Ayant à ce stade la même constance que le Gouvernement, vous comprendrez que je n'ai aujourd'hui, Monsieur le Ministre, rien à retirer aux critiques que j'exprime depuis maintenant un an.

 

Parce que nous sommes dans la majorité, parce que nous ne croyons pas, dans la crise que connaît aujourd'hui notre pays, que nous serions plus efficaces dans l'opposition qu'à vos côtés, nous nous abstiendrons.

 

Je n'ai rien non plus à retirer aux propositions que formulent les écologistes. Desserrer l'étau inconséquent de la rigueur, trouver un moyen raisonnable - à défaut de l'abroger - d'amoindrir le CICE, installer une contribution climat énergie au niveau nécessaire pour qu'elle protège efficacement la planète, engager enfin la profonde réforme fiscale dont le pays a besoin.

 

A cet égard, les annonces du Premier Ministre - que je rencontrerai demain - nous ouvrent de larges perspectives communes que nous souhaitons fructueuses.

 

Cette abstention, Monsieur le Ministre, n'est donc pas de la défiance pour l'avenir.

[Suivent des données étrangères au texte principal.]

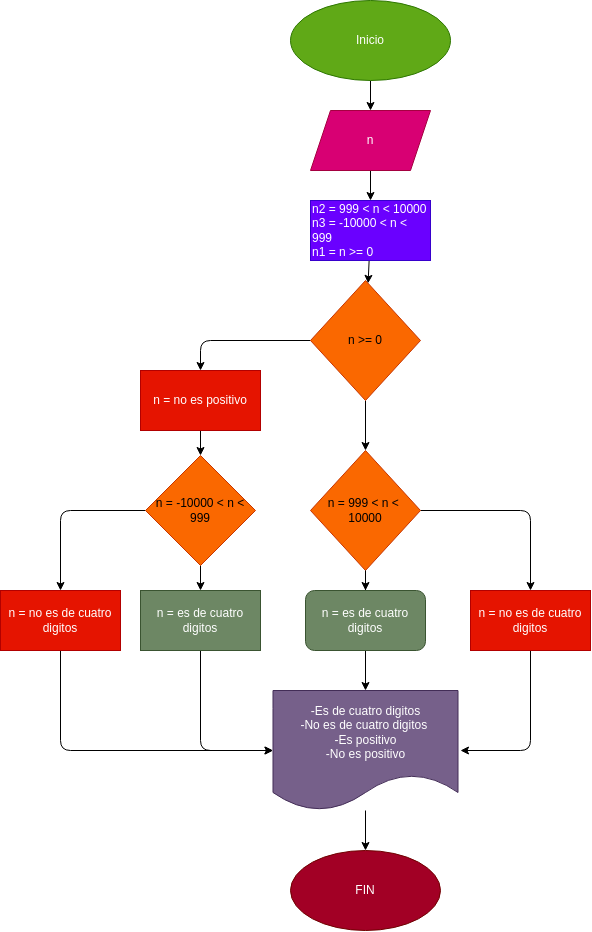

The diagram above was exported from draw.io. Its source (the exported page's mxGraphModel, read from the mxfile embedded in the PNG):
<mxGraphModel dx="606" dy="485" grid="1" gridSize="10" guides="1" tooltips="1" connect="1" arrows="1" fold="1" page="1" pageScale="1" pageWidth="827" pageHeight="1169" math="0" shadow="0">
  <root>
    <mxCell id="0" />
    <mxCell id="1" parent="0" />
    <mxCell id="4" value="" style="edgeStyle=none;html=1;" edge="1" parent="1" source="2" target="3">
      <mxGeometry relative="1" as="geometry" />
    </mxCell>
    <mxCell id="2" value="Inicio" style="ellipse;whiteSpace=wrap;html=1;fillColor=#60a917;fontColor=#ffffff;strokeColor=#2D7600;" vertex="1" parent="1">
      <mxGeometry x="380" y="10" width="160" height="80" as="geometry" />
    </mxCell>
    <mxCell id="6" value="" style="edgeStyle=none;html=1;" edge="1" parent="1" source="3" target="5">
      <mxGeometry relative="1" as="geometry" />
    </mxCell>
    <mxCell id="3" value="n" style="shape=parallelogram;perimeter=parallelogramPerimeter;whiteSpace=wrap;html=1;fixedSize=1;fillColor=#d80073;fontColor=#ffffff;strokeColor=#A50040;" vertex="1" parent="1">
      <mxGeometry x="400" y="120" width="120" height="60" as="geometry" />
    </mxCell>
    <mxCell id="8" value="" style="edgeStyle=none;html=1;" edge="1" parent="1" source="5" target="7">
      <mxGeometry relative="1" as="geometry" />
    </mxCell>
    <mxCell id="5" value="n2 = 999 &amp;lt; n &amp;lt; 10000&lt;br&gt;n3 = -10000 &amp;lt; n &amp;lt; 999&lt;br&gt;n1 = n &amp;gt;= 0" style="whiteSpace=wrap;html=1;fillColor=#6a00ff;fontColor=#ffffff;strokeColor=#3700CC;align=left;" vertex="1" parent="1">
      <mxGeometry x="400" y="210" width="120" height="60" as="geometry" />
    </mxCell>
    <mxCell id="11" value="" style="edgeStyle=none;html=1;" edge="1" parent="1" source="7" target="10">
      <mxGeometry relative="1" as="geometry">
        <Array as="points">
          <mxPoint x="290" y="350" />
        </Array>
      </mxGeometry>
    </mxCell>
    <mxCell id="13" value="" style="edgeStyle=none;html=1;" edge="1" parent="1" source="7" target="12">
      <mxGeometry relative="1" as="geometry" />
    </mxCell>
    <mxCell id="7" value="n &amp;gt;= 0" style="rhombus;whiteSpace=wrap;html=1;fillColor=#fa6800;fontColor=#000000;strokeColor=#C73500;" vertex="1" parent="1">
      <mxGeometry x="400" y="290" width="110" height="120" as="geometry" />
    </mxCell>
    <mxCell id="26" value="" style="edgeStyle=none;html=1;" edge="1" parent="1" source="10" target="25">
      <mxGeometry relative="1" as="geometry" />
    </mxCell>
    <mxCell id="10" value="n = no es positivo" style="whiteSpace=wrap;html=1;fillColor=#e51400;fontColor=#ffffff;strokeColor=#B20000;" vertex="1" parent="1">
      <mxGeometry x="230" y="380" width="120" height="60" as="geometry" />
    </mxCell>
    <mxCell id="16" value="" style="edgeStyle=none;html=1;" edge="1" parent="1" source="12" target="15">
      <mxGeometry relative="1" as="geometry">
        <Array as="points">
          <mxPoint x="620" y="520" />
        </Array>
      </mxGeometry>
    </mxCell>
    <mxCell id="18" value="" style="edgeStyle=none;html=1;startArrow=none;" edge="1" parent="1" source="38" target="17">
      <mxGeometry relative="1" as="geometry" />
    </mxCell>
    <mxCell id="39" value="" style="edgeStyle=none;html=1;" edge="1" parent="1" source="12" target="38">
      <mxGeometry relative="1" as="geometry" />
    </mxCell>
    <mxCell id="12" value="n = 999 &amp;lt; n &amp;lt;&amp;nbsp; 10000" style="rhombus;whiteSpace=wrap;html=1;fillColor=#fa6800;fontColor=#000000;strokeColor=#C73500;" vertex="1" parent="1">
      <mxGeometry x="400" y="460" width="110" height="120" as="geometry" />
    </mxCell>
    <mxCell id="33" style="edgeStyle=none;html=1;" edge="1" parent="1" source="15">
      <mxGeometry relative="1" as="geometry">
        <mxPoint x="550" y="760" as="targetPoint" />
        <Array as="points">
          <mxPoint x="620" y="760" />
        </Array>
      </mxGeometry>
    </mxCell>
    <mxCell id="15" value="n = no es de cuatro digitos" style="whiteSpace=wrap;html=1;fillColor=#e51400;fontColor=#ffffff;strokeColor=#B20000;" vertex="1" parent="1">
      <mxGeometry x="560" y="600" width="120" height="60" as="geometry" />
    </mxCell>
    <mxCell id="20" value="" style="edgeStyle=none;html=1;" edge="1" parent="1" source="17" target="19">
      <mxGeometry relative="1" as="geometry" />
    </mxCell>
    <mxCell id="17" value="-Es de cuatro digitos&lt;br&gt;-No es de cuatro digitos&amp;nbsp;&lt;br&gt;-Es positivo&lt;br&gt;-No es positivo" style="shape=document;whiteSpace=wrap;html=1;boundedLbl=1;fillColor=#76608a;fontColor=#ffffff;strokeColor=#432D57;" vertex="1" parent="1">
      <mxGeometry x="362.5" y="700" width="185" height="120" as="geometry" />
    </mxCell>
    <mxCell id="19" value="FIN" style="ellipse;whiteSpace=wrap;html=1;fillColor=#a20025;fontColor=#ffffff;strokeColor=#6F0000;" vertex="1" parent="1">
      <mxGeometry x="380" y="860" width="150" height="80" as="geometry" />
    </mxCell>
    <mxCell id="28" value="" style="edgeStyle=none;html=1;" edge="1" parent="1" source="25" target="27">
      <mxGeometry relative="1" as="geometry">
        <Array as="points">
          <mxPoint x="150" y="520" />
        </Array>
      </mxGeometry>
    </mxCell>
    <mxCell id="31" value="" style="edgeStyle=none;html=1;" edge="1" parent="1" source="25" target="30">
      <mxGeometry relative="1" as="geometry" />
    </mxCell>
    <mxCell id="25" value="n = -10000 &amp;lt; n &amp;lt; 999" style="rhombus;whiteSpace=wrap;html=1;fillColor=#fa6800;strokeColor=#C73500;fontColor=#000000;" vertex="1" parent="1">
      <mxGeometry x="235" y="465" width="110" height="110" as="geometry" />
    </mxCell>
    <mxCell id="34" style="edgeStyle=none;html=1;" edge="1" parent="1" source="27" target="17">
      <mxGeometry relative="1" as="geometry">
        <mxPoint x="350" y="760" as="targetPoint" />
        <Array as="points">
          <mxPoint x="150" y="760" />
        </Array>
      </mxGeometry>
    </mxCell>
    <mxCell id="27" value="n = no es de cuatro digitos" style="whiteSpace=wrap;html=1;fillColor=#e51400;strokeColor=#B20000;fontColor=#ffffff;" vertex="1" parent="1">
      <mxGeometry x="90" y="600" width="120" height="60" as="geometry" />
    </mxCell>
    <mxCell id="32" style="edgeStyle=none;html=1;" edge="1" parent="1" source="30" target="17">
      <mxGeometry relative="1" as="geometry">
        <mxPoint x="350" y="760" as="targetPoint" />
        <Array as="points">
          <mxPoint x="290" y="760" />
        </Array>
      </mxGeometry>
    </mxCell>
    <mxCell id="30" value="n = es de cuatro digitos" style="whiteSpace=wrap;html=1;fillColor=#6d8764;strokeColor=#3A5431;fontColor=#ffffff;" vertex="1" parent="1">
      <mxGeometry x="230" y="600" width="120" height="60" as="geometry" />
    </mxCell>
    <mxCell id="40" value="" style="edgeStyle=none;html=1;endArrow=none;" edge="1" parent="1" source="12" target="38">
      <mxGeometry relative="1" as="geometry">
        <mxPoint x="455" y="580" as="sourcePoint" />
        <mxPoint x="455" y="780" as="targetPoint" />
      </mxGeometry>
    </mxCell>
    <mxCell id="38" value="n = es de cuatro digitos" style="rounded=1;whiteSpace=wrap;html=1;fillColor=#6d8764;strokeColor=#3A5431;fontColor=#ffffff;" vertex="1" parent="1">
      <mxGeometry x="395" y="600" width="120" height="60" as="geometry" />
    </mxCell>
  </root>
</mxGraphModel>
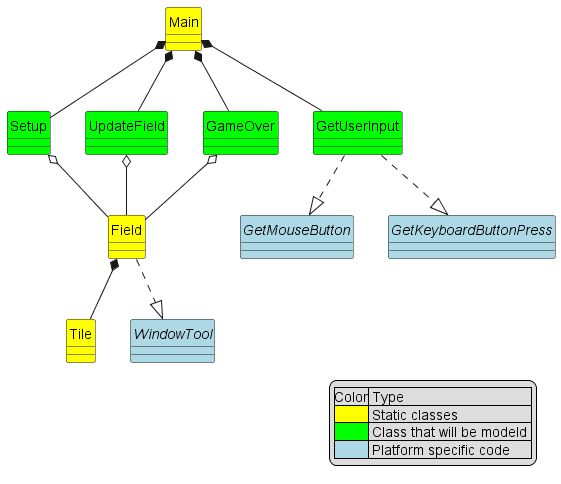

The diagram above was rendered by PlantUML. Its source (embedded in the PNG):
@startuml GenericGameEngineClasses
skinparam style strictuml
' skinparam monochrome true
skinparam classAttributeIconSize 0
skinparam groupInheritance 1


class Main #yellow {

}

class Setup #00FF00 {

}

class GetUserInput #00FF00 {

}

class UpdateField #00FF00 {

}

class GameOver #00FF00 {

}

class Field #yellow {

}

class Tile #yellow {

}

' this will be a interface to a mouse button input libary
interface GetMouseButton #LightBlue {

}
' this will be a interface to a keybort input libary
interface GetKeyboardButtonPress #LightBlue {

}

' this will be calles to edit a window managed by a lib
interface WindowTool #LightBlue {

}

Main *-- Setup
Main *-- GetUserInput
Main *-- UpdateField
Main *-- GameOver

Setup o-- Field
UpdateField o-- Field
GameOver o-- Field
GetUserInput ..|> GetMouseButton
GetUserInput ..|> GetKeyboardButtonPress

Field *-- Tile
Field ..|> WindowTool

legend right
    |Color| Type |
    |<#yellow>| Static classes |
    |<#00FF00>| Class that will be modeld |
    |<#LightBlue>| Platform specific code|
endlegend

@enduml
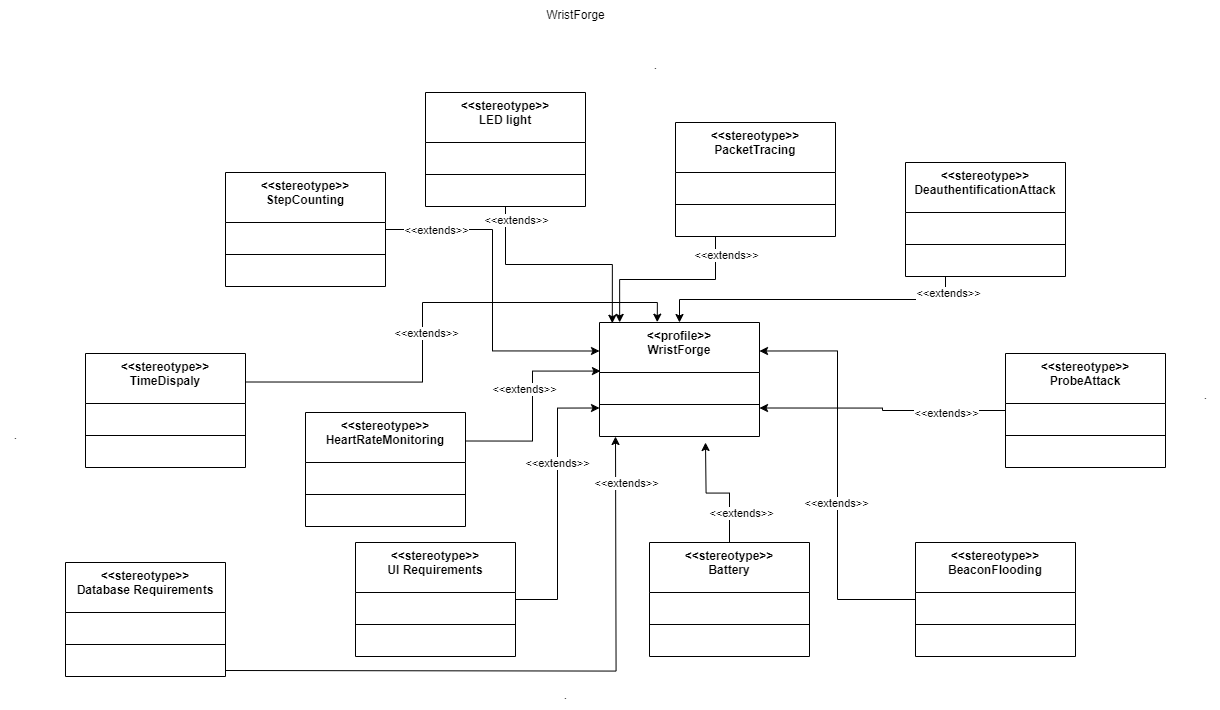

The diagram above was exported from draw.io. Its source (the exported page's mxGraphModel, read from the mxfile embedded in the PNG):
<mxGraphModel dx="2670" dy="2056" grid="1" gridSize="10" guides="1" tooltips="1" connect="1" arrows="1" fold="1" page="1" pageScale="1" pageWidth="827" pageHeight="1169" math="0" shadow="0">
  <root>
    <mxCell id="WIyWlLk6GJQsqaUBKTNV-0" />
    <mxCell id="WIyWlLk6GJQsqaUBKTNV-1" parent="WIyWlLk6GJQsqaUBKTNV-0" />
    <mxCell id="iCgbs4Gp0LZgnAhYu1Dk-1" value="&amp;lt;&amp;lt;profile&amp;gt;&amp;gt;&lt;div&gt;WristForge&lt;/div&gt;" style="swimlane;fontStyle=1;align=center;verticalAlign=top;childLayout=stackLayout;horizontal=1;startSize=50;horizontalStack=0;resizeParent=1;resizeParentMax=0;resizeLast=0;collapsible=1;marginBottom=0;whiteSpace=wrap;html=1;" vertex="1" parent="WIyWlLk6GJQsqaUBKTNV-1">
      <mxGeometry x="334" y="180" width="160" height="114" as="geometry" />
    </mxCell>
    <mxCell id="iCgbs4Gp0LZgnAhYu1Dk-3" value="" style="line;strokeWidth=1;fillColor=none;align=left;verticalAlign=middle;spacingTop=-1;spacingLeft=3;spacingRight=3;rotatable=0;labelPosition=right;points=[];portConstraint=eastwest;strokeColor=inherit;" vertex="1" parent="iCgbs4Gp0LZgnAhYu1Dk-1">
      <mxGeometry y="50" width="160" height="64" as="geometry" />
    </mxCell>
    <mxCell id="iCgbs4Gp0LZgnAhYu1Dk-6" value="&amp;lt;&amp;lt;stereotype&amp;gt;&amp;gt;&lt;div&gt;TimeDispaly&lt;/div&gt;" style="swimlane;fontStyle=1;align=center;verticalAlign=top;childLayout=stackLayout;horizontal=1;startSize=50;horizontalStack=0;resizeParent=1;resizeParentMax=0;resizeLast=0;collapsible=1;marginBottom=0;whiteSpace=wrap;html=1;" vertex="1" parent="WIyWlLk6GJQsqaUBKTNV-1">
      <mxGeometry x="-180" y="211" width="160" height="114" as="geometry" />
    </mxCell>
    <mxCell id="iCgbs4Gp0LZgnAhYu1Dk-7" value="" style="line;strokeWidth=1;fillColor=none;align=left;verticalAlign=middle;spacingTop=-1;spacingLeft=3;spacingRight=3;rotatable=0;labelPosition=right;points=[];portConstraint=eastwest;strokeColor=inherit;" vertex="1" parent="iCgbs4Gp0LZgnAhYu1Dk-6">
      <mxGeometry y="50" width="160" height="64" as="geometry" />
    </mxCell>
    <mxCell id="iCgbs4Gp0LZgnAhYu1Dk-37" style="edgeStyle=orthogonalEdgeStyle;rounded=0;orthogonalLoop=1;jettySize=auto;html=1;exitX=1;exitY=0.5;exitDx=0;exitDy=0;entryX=0;entryY=0.25;entryDx=0;entryDy=0;" edge="1" parent="WIyWlLk6GJQsqaUBKTNV-1" source="iCgbs4Gp0LZgnAhYu1Dk-8" target="iCgbs4Gp0LZgnAhYu1Dk-1">
      <mxGeometry relative="1" as="geometry" />
    </mxCell>
    <mxCell id="iCgbs4Gp0LZgnAhYu1Dk-8" value="&amp;lt;&amp;lt;stereotype&amp;gt;&amp;gt;&lt;div&gt;StepCounting&lt;/div&gt;" style="swimlane;fontStyle=1;align=center;verticalAlign=top;childLayout=stackLayout;horizontal=1;startSize=50;horizontalStack=0;resizeParent=1;resizeParentMax=0;resizeLast=0;collapsible=1;marginBottom=0;whiteSpace=wrap;html=1;" vertex="1" parent="WIyWlLk6GJQsqaUBKTNV-1">
      <mxGeometry x="-40" y="30" width="160" height="114" as="geometry" />
    </mxCell>
    <mxCell id="iCgbs4Gp0LZgnAhYu1Dk-9" value="" style="line;strokeWidth=1;fillColor=none;align=left;verticalAlign=middle;spacingTop=-1;spacingLeft=3;spacingRight=3;rotatable=0;labelPosition=right;points=[];portConstraint=eastwest;strokeColor=inherit;" vertex="1" parent="iCgbs4Gp0LZgnAhYu1Dk-8">
      <mxGeometry y="50" width="160" height="64" as="geometry" />
    </mxCell>
    <mxCell id="iCgbs4Gp0LZgnAhYu1Dk-10" value="&amp;lt;&amp;lt;stereotype&amp;gt;&amp;gt;&lt;div&gt;HeartRateMonitoring&lt;/div&gt;&lt;div&gt;&lt;br&gt;&lt;/div&gt;" style="swimlane;fontStyle=1;align=center;verticalAlign=top;childLayout=stackLayout;horizontal=1;startSize=50;horizontalStack=0;resizeParent=1;resizeParentMax=0;resizeLast=0;collapsible=1;marginBottom=0;whiteSpace=wrap;html=1;" vertex="1" parent="WIyWlLk6GJQsqaUBKTNV-1">
      <mxGeometry x="40" y="270" width="160" height="114" as="geometry">
        <mxRectangle x="100" y="210" width="70" height="50" as="alternateBounds" />
      </mxGeometry>
    </mxCell>
    <mxCell id="iCgbs4Gp0LZgnAhYu1Dk-11" value="" style="line;strokeWidth=1;fillColor=none;align=left;verticalAlign=middle;spacingTop=-1;spacingLeft=3;spacingRight=3;rotatable=0;labelPosition=right;points=[];portConstraint=eastwest;strokeColor=inherit;" vertex="1" parent="iCgbs4Gp0LZgnAhYu1Dk-10">
      <mxGeometry y="50" width="160" height="64" as="geometry" />
    </mxCell>
    <mxCell id="iCgbs4Gp0LZgnAhYu1Dk-12" value="&amp;lt;&amp;lt;stereotype&amp;gt;&amp;gt;&lt;div&gt;LED light&lt;/div&gt;" style="swimlane;fontStyle=1;align=center;verticalAlign=top;childLayout=stackLayout;horizontal=1;startSize=50;horizontalStack=0;resizeParent=1;resizeParentMax=0;resizeLast=0;collapsible=1;marginBottom=0;whiteSpace=wrap;html=1;" vertex="1" parent="WIyWlLk6GJQsqaUBKTNV-1">
      <mxGeometry x="160" y="-50" width="160" height="114" as="geometry" />
    </mxCell>
    <mxCell id="iCgbs4Gp0LZgnAhYu1Dk-13" value="" style="line;strokeWidth=1;fillColor=none;align=left;verticalAlign=middle;spacingTop=-1;spacingLeft=3;spacingRight=3;rotatable=0;labelPosition=right;points=[];portConstraint=eastwest;strokeColor=inherit;" vertex="1" parent="iCgbs4Gp0LZgnAhYu1Dk-12">
      <mxGeometry y="50" width="160" height="64" as="geometry" />
    </mxCell>
    <mxCell id="iCgbs4Gp0LZgnAhYu1Dk-14" value="&amp;lt;&amp;lt;stereotype&amp;gt;&amp;gt;&lt;div&gt;PacketTracing&lt;/div&gt;" style="swimlane;fontStyle=1;align=center;verticalAlign=top;childLayout=stackLayout;horizontal=1;startSize=50;horizontalStack=0;resizeParent=1;resizeParentMax=0;resizeLast=0;collapsible=1;marginBottom=0;whiteSpace=wrap;html=1;" vertex="1" parent="WIyWlLk6GJQsqaUBKTNV-1">
      <mxGeometry x="410" y="-20" width="160" height="114" as="geometry" />
    </mxCell>
    <mxCell id="iCgbs4Gp0LZgnAhYu1Dk-15" value="" style="line;strokeWidth=1;fillColor=none;align=left;verticalAlign=middle;spacingTop=-1;spacingLeft=3;spacingRight=3;rotatable=0;labelPosition=right;points=[];portConstraint=eastwest;strokeColor=inherit;" vertex="1" parent="iCgbs4Gp0LZgnAhYu1Dk-14">
      <mxGeometry y="50" width="160" height="64" as="geometry" />
    </mxCell>
    <mxCell id="iCgbs4Gp0LZgnAhYu1Dk-33" style="edgeStyle=orthogonalEdgeStyle;rounded=0;orthogonalLoop=1;jettySize=auto;html=1;exitX=0.25;exitY=1;exitDx=0;exitDy=0;" edge="1" parent="WIyWlLk6GJQsqaUBKTNV-1" source="iCgbs4Gp0LZgnAhYu1Dk-16" target="iCgbs4Gp0LZgnAhYu1Dk-1">
      <mxGeometry relative="1" as="geometry" />
    </mxCell>
    <mxCell id="iCgbs4Gp0LZgnAhYu1Dk-16" value="&amp;lt;&amp;lt;stereotype&amp;gt;&amp;gt;&lt;div&gt;DeauthentificationAttack&lt;/div&gt;" style="swimlane;fontStyle=1;align=center;verticalAlign=top;childLayout=stackLayout;horizontal=1;startSize=50;horizontalStack=0;resizeParent=1;resizeParentMax=0;resizeLast=0;collapsible=1;marginBottom=0;whiteSpace=wrap;html=1;" vertex="1" parent="WIyWlLk6GJQsqaUBKTNV-1">
      <mxGeometry x="640" y="20" width="160" height="114" as="geometry" />
    </mxCell>
    <mxCell id="iCgbs4Gp0LZgnAhYu1Dk-17" value="" style="line;strokeWidth=1;fillColor=none;align=left;verticalAlign=middle;spacingTop=-1;spacingLeft=3;spacingRight=3;rotatable=0;labelPosition=right;points=[];portConstraint=eastwest;strokeColor=inherit;" vertex="1" parent="iCgbs4Gp0LZgnAhYu1Dk-16">
      <mxGeometry y="50" width="160" height="64" as="geometry" />
    </mxCell>
    <mxCell id="iCgbs4Gp0LZgnAhYu1Dk-28" style="edgeStyle=orthogonalEdgeStyle;rounded=0;orthogonalLoop=1;jettySize=auto;html=1;exitX=0;exitY=0.5;exitDx=0;exitDy=0;entryX=1;entryY=0.75;entryDx=0;entryDy=0;" edge="1" parent="WIyWlLk6GJQsqaUBKTNV-1" source="iCgbs4Gp0LZgnAhYu1Dk-18" target="iCgbs4Gp0LZgnAhYu1Dk-1">
      <mxGeometry relative="1" as="geometry" />
    </mxCell>
    <mxCell id="iCgbs4Gp0LZgnAhYu1Dk-18" value="&amp;lt;&amp;lt;stereotype&amp;gt;&amp;gt;&lt;div&gt;ProbeAttack&lt;/div&gt;" style="swimlane;fontStyle=1;align=center;verticalAlign=top;childLayout=stackLayout;horizontal=1;startSize=50;horizontalStack=0;resizeParent=1;resizeParentMax=0;resizeLast=0;collapsible=1;marginBottom=0;whiteSpace=wrap;html=1;" vertex="1" parent="WIyWlLk6GJQsqaUBKTNV-1">
      <mxGeometry x="740" y="211" width="160" height="114" as="geometry" />
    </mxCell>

C'est, j'espère même, un solde du passé. Les écologistes veulent encore croire que nous pouvons nous associer avec vous pour endiguer la crise où s'enfonce notre pays. Peut-être n'avons-nous d'ailleurs pas d'autre choix. Mais cette alliance nécessaire ne peut nous contraindre, nous qui sommes parlementaires, à renoncer à exprimer, défendre et assumer nos idées.

 

Pour conclure et illustrer cette tentative de réconciliation entre l'éthique de responsabilité et l'éthique de conviction, je vous rappellerais ce mot bien connu, Monsieur le Ministre, mes chers collègues, qu'adressa François Andrieux, homme de loi et de lettres, à celui qui n'était pas encore empereur : "Citoyen-consul, vous qui êtes à l'Institut de la section mécanique, vous savez qu'on ne s'appuie que sur ce qui résiste."